As per section 2 (30) of the CGST Act 2017, “composite supply” means a supply made by a taxable person to a recipient consisting of;

  1. two or more supplies of goods or services or both or any combination thereof,

which is naturally bundled, and

  • supplied in conjunction with each other,
  • in the ordinary course of business,
  • one of which is a “principal supply

Test to ascertain “principal supply” as per section 2 (90)

“principal supply” : means the supply of goods or service which constitutes the predominant supply and to which any other supply forming part of composite supply is ancillary.

Section 8 of the CGST Act 2017 provides for the method to determine the tax liability in case of composite supply. As per section 8, the Tax Rate as applicable to principal supply will apply to values of all other ancillary supplies even when their individual rate may be different.

  • Basis of decision by the AAR in this case.

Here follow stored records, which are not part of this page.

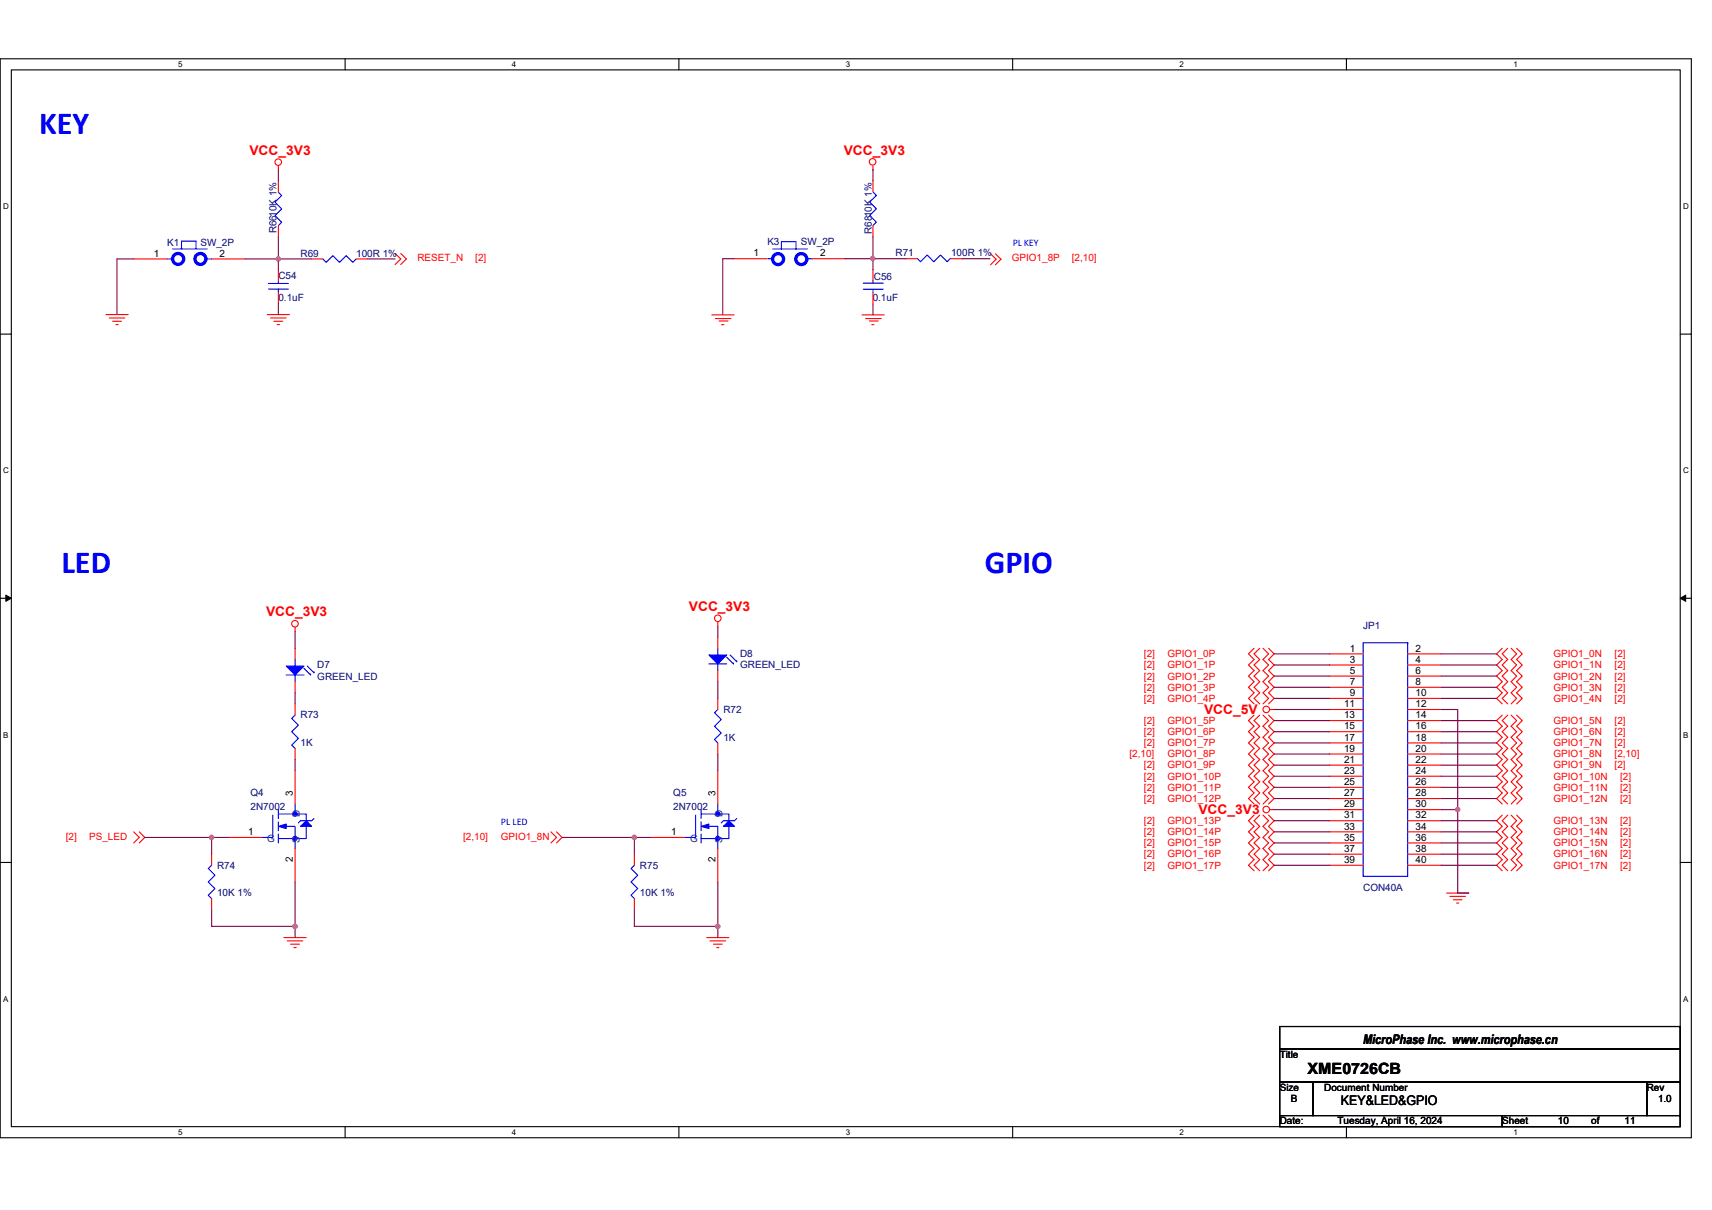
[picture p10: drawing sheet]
<svg xmlns="http://www.w3.org/2000/svg" width="297mm" height="210mm" viewBox="0 0 297 210" stroke-linecap="round" stroke-linejoin="round" font-family="sans-serif">
<path d="M0 10.2h293.5v187.2h-293.5zM2 12.1h289.5v183.4h-289.5z" fill="none" stroke="#000" stroke-width=".19"/>
<g fill="#fff">
<path d="M30.9 10.4h.8v1.6h-.8z"/>
<path d="M30.9 195.7h.8v1.6h-.8z"/>
</g>
<path d="M59.9 10.2v1.9M59.9 195.5v1.9" fill="none" stroke="#000" stroke-width=".19"/>
<g fill="#fff">
<path d="M88.8 10.4h.8v1.6h-.8z"/>
<path d="M88.8 195.7h.8v1.6h-.8z"/>
</g>
<path d="M117.8 10.2v1.9M117.8 195.5v1.9" fill="none" stroke="#000" stroke-width=".19"/>
<g fill="#fff">
<path d="M146.7 10.4h.8v1.6h-.8z"/>
<path d="M146.7 195.7h.8v1.6h-.8z"/>
</g>
<path d="M175.7 10.2v1.9M175.7 195.5v1.9" fill="none" stroke="#000" stroke-width=".19"/>
<g fill="#fff">
<path d="M204.7 10.4h.7v1.6h-.7z"/>
<path d="M204.7 195.7h.7v1.6h-.7z"/>
</g>
<path d="M233.6 10.2v1.9M233.6 195.5v1.9" fill="none" stroke="#000" stroke-width=".19"/>
<g fill="#fff">
<path d="M262.6 10.4h.7v1.6h-.7z"/>
<path d="M262.6 195.7h.7v1.6h-.7z"/>
<path d="M.5 35.1h1v1.5h-1z"/>
<path d="M292 35.1h1v1.5h-1z"/>
<path d="M.5 80.9h1v1.5h-1z"/>
<path d="M292 80.9h1v1.5h-1z"/>
</g>
<path d="M0 58h2M291.5 58h2" fill="none" stroke="#000" stroke-width=".19"/>
<g fill="#fff">
<path d="M.5 126.7h.9v1.6h-.9z"/>
<path d="M292 126.7h.9v1.6h-.9z"/>
</g>
<path d="M0 103.8h2M291.5 103.8h2" fill="none" stroke="#000" stroke-width=".19"/>
<path d="M1 103.3l1 .5-1 .6zM291.5 103.8l1-.5v1.1z" fill="#000" stroke="#000" stroke-width=".17"/>
<g fill="#fff">
<path d="M.5 172.6h.9v1.5h-.9z"/>
<path d="M292 172.6h.9v1.5h-.9z"/>
</g>
<g fill="none" stroke="#000" stroke-width=".19">
<path d="M0 149.7h2M291.5 149.7h2M222 178.1h69.5v3.9h-69.5zM291.5 178.1h.1M222 182h69.5v5.8h-69.5zM222 187.8h5.8v5.8h-5.8zM222 193.6h38.6v1.9h-38.6zM227.8 187.8h.1M227.8 187.8h57.9v5.8h-57.9zM260.6 193.6h30.9v1.9h-30.9zM260.6 193.6h.1M285.7 187.8h5.8v5.8h-5.8z"/>
<path d="M285.7 187.8h.1M291.5 182h.1M291.5 187.8h.1M291.5 193.6h.1"/>
</g>
<g fill="none" stroke="#f00" stroke-width=".19">
<path d="M48.3 28.7v.8M48.3 31.4v2M48.3 39.2v1.9M151.5 28.8v.8M151.5 31.3v2M151.5 39.2v1.9M18.4 54.6h3.8M19 55.2h2.7M19.5 55.8h1.6M20.1 56.3h.4M23.2 44.9h5.8M36.7 44.9h5.8"/>
<path d="M46.4 54.6h3.8M46.9 55.2h2.8M47.5 55.8h1.6M48.1 56.3h.4M48.3 46.9v1.9M48.3 50.7v2M54.1 44.9h1.9M61.8 44.9h1.9M68.6 44l.9 .9-.9 1M69.5 44l1 .9-1 1M123.5 54.6h3.9M124.1 55.3h2.7"/>
<path d="M124.8 55.7h1.5M125.2 56.3h.4M127.3 44.9h5.8M140.9 44.9h5.8M149.6 54.6h3.8M150.2 55.3h2.7M150.8 55.7h1.6M151.3 56.3h.3M151.5 46.8v1.9M151.5 50.8v2M157.2 44.9h1.9M165 44.9h1.9"/>
<path d="M171.9 44.1l.9 .9M172.7 44.1l1 .9M172.8 45l-.9 1M173.7 45l-1 1M51.2 108.8v.8M51.2 118.3v1.9M51.2 112.5v1.9M124.5 107.9v.7M124.5 116.4v1.9M124.5 110.6v1.9M217.6 112.5l-1 1 1 .9-1 1 1 1-1 .9 1 1-1 1 1 .9-1 1 1 1M218.6 112.5l-1 1 1 .9-1 1 1 1-1 .9 1 1-1 1 1 .9-1 1 1 1"/>
<path d="M219.1 112.5l1 1-1 .9 1 1-1 1 1 .9-1 1 1 1-1 .9 1 1-1 1M220.1 112.5l1 1-1 .9 1 1-1 1 1 .9-1 1 1 1-1 .9 1 1-1 1M230.7 113.5h5.8M230.7 115.4h5.8M230.7 117.3h5.8M230.7 119.3h5.8M244.2 113.5h5.8M244.2 115.4h5.8M244.2 117.3h5.8M244.2 119.3h5.8M260.6 112.5l-.9 1 .9 .9-.9 1 .9 1-.9 .9 .9 1-.9 1 .9 .9-.9 1 .9 1M261.6 112.5l-1 1 1 .9-1 1 1 1-1 .9 1 1-1 1 1 .9-1 1 1 1"/>
<path d="M262.2 112.5l.9 1-.9 .9 .9 1-.9 1 .9 .9-.9 1 .9 1-.9 .9 .9 1-.9 1M263.1 112.5l1 1-1 .9 1 1-1 1 1 .9-1 1 1 1-1 .9 1 1-1 1M51.2 133.8v5.7M51.2 129.9v1.9M51.2 122.2v1.9M124.5 133.8v5.7M124.5 128.9v2M124.5 121.2v1.9M217.6 124.1l-1 1 1 .9-1 1 1 1-1 .9 1 1-1 1 1 .9-1 1 1 1-1 .9 1 1-1 .9 1 1-1 1 1 .9M218.6 124.1l-1 1 1 .9-1 1 1 1-1 .9 1 1-1 1 1 .9-1 1 1 1-1 .9 1 1-1 .9 1 1-1 1 1 .9M219.1 124.1l1 1-1 .9 1 1-1 1 1 .9-1 1 1 1-1 .9 1 1-1 1 1 .9-1 1 1 .9-1 1 1 1-1 .9M220.1 124.1l1 1-1 .9 1 1-1 1 1 .9-1 1 1 1-1 .9 1 1-1 1 1 .9-1 1 1 .9-1 1 1 1-1 .9"/>
<path d="M220.3 123.1h.8M230.7 121.2h5.8M230.7 123.1h5.8M230.7 125.1h5.8M230.7 127h5.8M230.7 128.9h5.8M230.7 130.9h5.8M230.7 132.8h5.8M230.7 134.7h5.8M230.7 136.6h5.8M230.7 138.6h5.8M244.2 121.2h5.8"/>
<path d="M244.2 123.1h5.8M244.2 125.1h5.8M244.2 127h5.8M244.2 128.9h5.8M244.2 130.9h5.8M244.2 132.8h5.8M244.2 134.7h5.8M244.2 136.6h5.8M244.2 138.6h5.8M260.6 124.1l-.9 1 .9 .9-.9 1 .9 1-.9 .9 .9 1-.9 1 .9 .9-.9 1 .9 1-.9 .9 .9 1-.9 .9 .9 1-.9 1 .9 .9M261.6 124.1l-1 1 1 .9-1 1 1 1-1 .9 1 1-1 1 1 .9-1 1 1 1-1 .9 1 1-1 .9 1 1-1 1 1 .9M262.2 124.1l.9 1-.9 .9 .9 1-.9 1 .9 .9-.9 1 .9 1-.9 .9 .9 1-.9 1 .9 .9-.9 1 .9 .9-.9 1 .9 1-.9 .9"/>
<path d="M263.1 124.1l1 1-1 .9 1 1-1 1 1 .9-1 1 1 1-1 .9 1 1-1 1 1 .9-1 1 1 .9-1 1 1 1-1 .9M23.2 144.4l1 .9-1 1M24.2 144.4l.9 .9-.9 1M36.7 155.9v2M36.7 148.2v2M39.6 145.3h5.8M51.2 147.3v5.8M95.6 144.4l1 .9-1 1M96.6 144.4l.9 .9-.9 1M110.1 155.9v2M110.1 148.2v2M113 145.3h5.8"/>
<path d="M124.5 147.3v5.8M217.6 141.5l-1 .9 1 1-1 1 1 .9-1 1 1 1-1 .9 1 1-1 1 1 .9M218.6 141.5l-1 .9 1 1-1 1 1 .9-1 1 1 1-1 .9 1 1-1 1 1 .9M219.1 141.5l1 .9-1 1 1 1-1 .9 1 1-1 1 1 .9-1 1 1 1-1 .9M220.1 141.5l1 .9-1 1 1 1-1 .9 1 1-1 1 1 .9-1 1 1 1-1 .9M220.3 140.5h.8M230.7 140.5h5.8M230.7 142.4h5.8M230.7 144.4h5.8M230.7 146.3h5.8M230.7 148.2h5.8M230.7 150.2h5.8"/>
<path d="M244.2 140.5h5.8M244.2 142.4h5.8M244.2 144.4h5.8M244.2 146.3h5.8M244.2 148.2h5.8M244.2 150.2h5.8M251 155h3.8M251.6 155.6h2.7M252.2 156.1h1.5M252.7 156.7h.4M260.6 141.5l-.9 .9 .9 1-.9 1 .9 .9-.9 1 .9 1-.9 .9 .9 1-.9 1 .9 .9M261.6 141.5l-1 .9 1 1-1 1 1 .9-1 1 1 1-1 .9 1 1-1 1 1 .9"/>
<path d="M262.2 141.5l.9 .9-.9 1 .9 1-.9 .9 .9 1-.9 1 .9 .9-.9 1 .9 1-.9 .9M263.1 141.5l1 .9-1 1 1 1-1 .9 1 1-1 1 1 .9-1 1 1 1-1 .9M49.3 162.7h3.8M49.8 163.3h2.7M50.4 163.9h1.6M51 164.4h.4M122.6 162.7h3.9M123.2 163.3h2.7M123.8 163.9h1.5M124.4 164.4h.3"/>
<circle cx="48.3" cy="28.1" r=".57"/>
<circle cx="151.4" cy="28.1" r=".57"/>
<circle cx="51.2" cy="108.2" r=".57"/>
<circle cx="124.5" cy="107.3" r=".57"/>
<circle cx="219.7" cy="123.1" r=".57"/>
<circle cx="219.7" cy="140.5" r=".57"/>
</g>
<g fill="none" stroke="#00f" stroke-width=".57">
<circle cx="30.9" cy="44.9" r=".96"/>
<circle cx="34.8" cy="44.9" r=".95"/>
<circle cx="135" cy="45" r=".95"/>
<circle cx="139" cy="45" r=".96"/>
</g>
<g fill="none" stroke="#00f" stroke-width=".19">
<path d="M48.3 33.4l.6 .6-1.2 1.1 1.2 1.2-1.2 1.1 1.2 1.2-.6 .6M151.5 33.3l.6 .6-1.2 1.2 1.2 1.1-1.2 1.2 1.2 1.1-.6 .6M29 44.9h.9M29.9 43.2h6M31.5 43.2v-1.4h2.5v1.4M35.7 44.9h1M46.6 50.2h3.4M46.6 49.2h3.4M48.3 48.8v.4M48.3 50.2v.5M56 44.9l.6 .6 1.2-1.1 1.1 1.1 1.2-1.1 1.1 1.1 .6-.6M133.2 44.9h1"/>
<path d="M134.1 43.2h6M135.6 43.3v-1.4h2.5v1.4M140 44.9h1M149.8 50.2h3.4M149.8 49.1h3.4M151.5 48.7v.4M151.5 50.2v.6M159.1 44.8l.6 .6 1.2-1.1 1.1 1.1 1.2-1.1 1.1 1.1 .6-.6M49.7 117.1h3M51.2 114.4v1.2M51.2 117.1v1.2M52.7 116l1.2 1.1v-.2"/>
<path d="M53.3 115.6l1.2 1.2v-.2M123 115.2h3.1M124.5 112.5v1.2M124.5 115.2v1.2M126.1 114l1.2 1.2v-.2M126.7 113.7l1.1 1.1v-.2M236.5 111.5h7.7v40.6h-7.7zM244.2 111.5h.1M51.2 139.5v1.8M51.2 124.1l-.6 .6 1.2 1.1-1.2 1.2 1.2 1.1-1.2 1.2 .6 .6M124.5 139.5v1.8M124.5 123.1l-.5 .6 1.1 1.2-1.1 1.1 1.1 1.2-1.1 1.1 .5 .6"/>
<path d="M36.7 150.2l-.6 .5 1.2 1.2-1.2 1.2 1.2 1.1-1.2 1.2 .6 .5M47.3 141.5v3.8h-1.9M48.3 144.7v1.6M48.3 142.6v1.6M48.3 140.5v1.5M48.3 141.3h4.8v1.1M49.3 143.4h1.9v3.9M53.1 143.4v2.1h-4.8M54.5 142l-.4 .4h-1.9l-.4 .4M110.1 150.2l-.6 .5 1.2 1.2-1.2 1.2 1.2 1.1-1.2 1.2 .6 .5M120.7 141.5v3.8h-1.9M121.6 141.3h4.9v1.1"/>
<path d="M121.6 144.7v1.6M121.6 142.6v1.6M121.6 140.5v1.5M122.6 143.4h1.9v3.9M126.5 143.4v2.1h-4.9M127.8 142l-.4 .4h-1.9l-.4 .4"/>
</g>
<g fill="#00f" stroke="#00f" stroke-width=".19">
<path d="M126.5 142.4l.9 1h-1.9z" fill-rule="evenodd"/>
<path d="M121.6 143.4l1.4-.4v.8z" fill-rule="evenodd"/>
<path d="M123 113.7h3.1l-1.6 1.5z" fill-rule="evenodd"/>
<path d="M53.1 142.4l1 1h-1.9z" fill-rule="evenodd"/>
<path d="M48.3 143.4l1.4-.4v.8z" fill-rule="evenodd"/>
<path d="M49.7 115.6h3l-1.5 1.5z" fill-rule="evenodd"/>
<circle cx="124.5" cy="141.3" r=".38"/>
<circle cx="124.5" cy="145.5" r=".38"/>
<circle cx="51.2" cy="141.3" r=".38"/>
<circle cx="51.2" cy="145.5" r=".38"/>
</g>
<g fill="none" stroke="#800040" stroke-width=".19">
<path d="M48.3 29.5v1.9M151.5 29.4v2M23.2 44.9h-2.9v9.7M42.5 44.9h5.8M48.3 41.1v3.8M48.3 44.9v2M48.3 52.7v1.9M48.3 44.9h5.8M63.7 44.9h4.9M127.3 44.9h-1.9v9.7M146.6 44.9h4.8M151.5 41.1v3.8"/>
<path d="M151.5 52.7v2M157.2 44.9h-5.7v1.9M166.9 44.9h4.9M51.2 109.6v2.9M124.5 118.3v2.9M124.5 108.6v2M221.1 115.4h9.6M221.1 117.3h9.6M221.1 113.5h9.6M221.1 119.3h9.6M250 115.4h9.7M250 113.5h9.7"/>
<path d="M250 119.3h9.7M250 117.3h9.7M51.2 120.2v2M51.2 131.8v2M124.5 130.9v2.9M221.1 123.1h9.6M221.1 128.9h9.6M221.1 121.2h9.6M221.1 138.6h9.6M221.1 136.6h9.6M221.1 134.7h9.6M221.1 132.8h9.6"/>
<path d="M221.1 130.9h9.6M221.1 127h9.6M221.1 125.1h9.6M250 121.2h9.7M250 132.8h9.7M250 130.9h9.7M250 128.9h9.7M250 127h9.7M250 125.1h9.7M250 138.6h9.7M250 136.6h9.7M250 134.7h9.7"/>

The AAR has relied on the precedence’s and held that:

  1. Medicines and allied items provided by the hospital through the pharmacy to the inpatient is ancillary supply in the composite supply of which ‘health care service” is the principal supply and hence medicines supplied to inpatient is not taxable.
  2. incidental diagnostic services like X ray, Clinical Laboratory services rendered as part of ealth care service are exempted.
  3. Supply of body parts or devices such as heart valve, artificial kidney, artificial joints, coronary stents etc which are implanted inside the body essentially by a surgical procedure are to be classified as part of composite supply in which health care is principal supply, hence exempted.
  4. Supply of goods like wheel chairs, tricycles etc will not come under health care services and would be taxed as per their individual tariff rates.
  5. In case of artificial body parts / devices which are worn / attached / fitted / fastened to the body will have to be determined on case to case basis and did not give any general ruling.
  • The questions raised were answered as under:

Q1) Whether the applicant is liable to pay GST on supply of medicines, drugs and other surgical goods supplied to inpatient ?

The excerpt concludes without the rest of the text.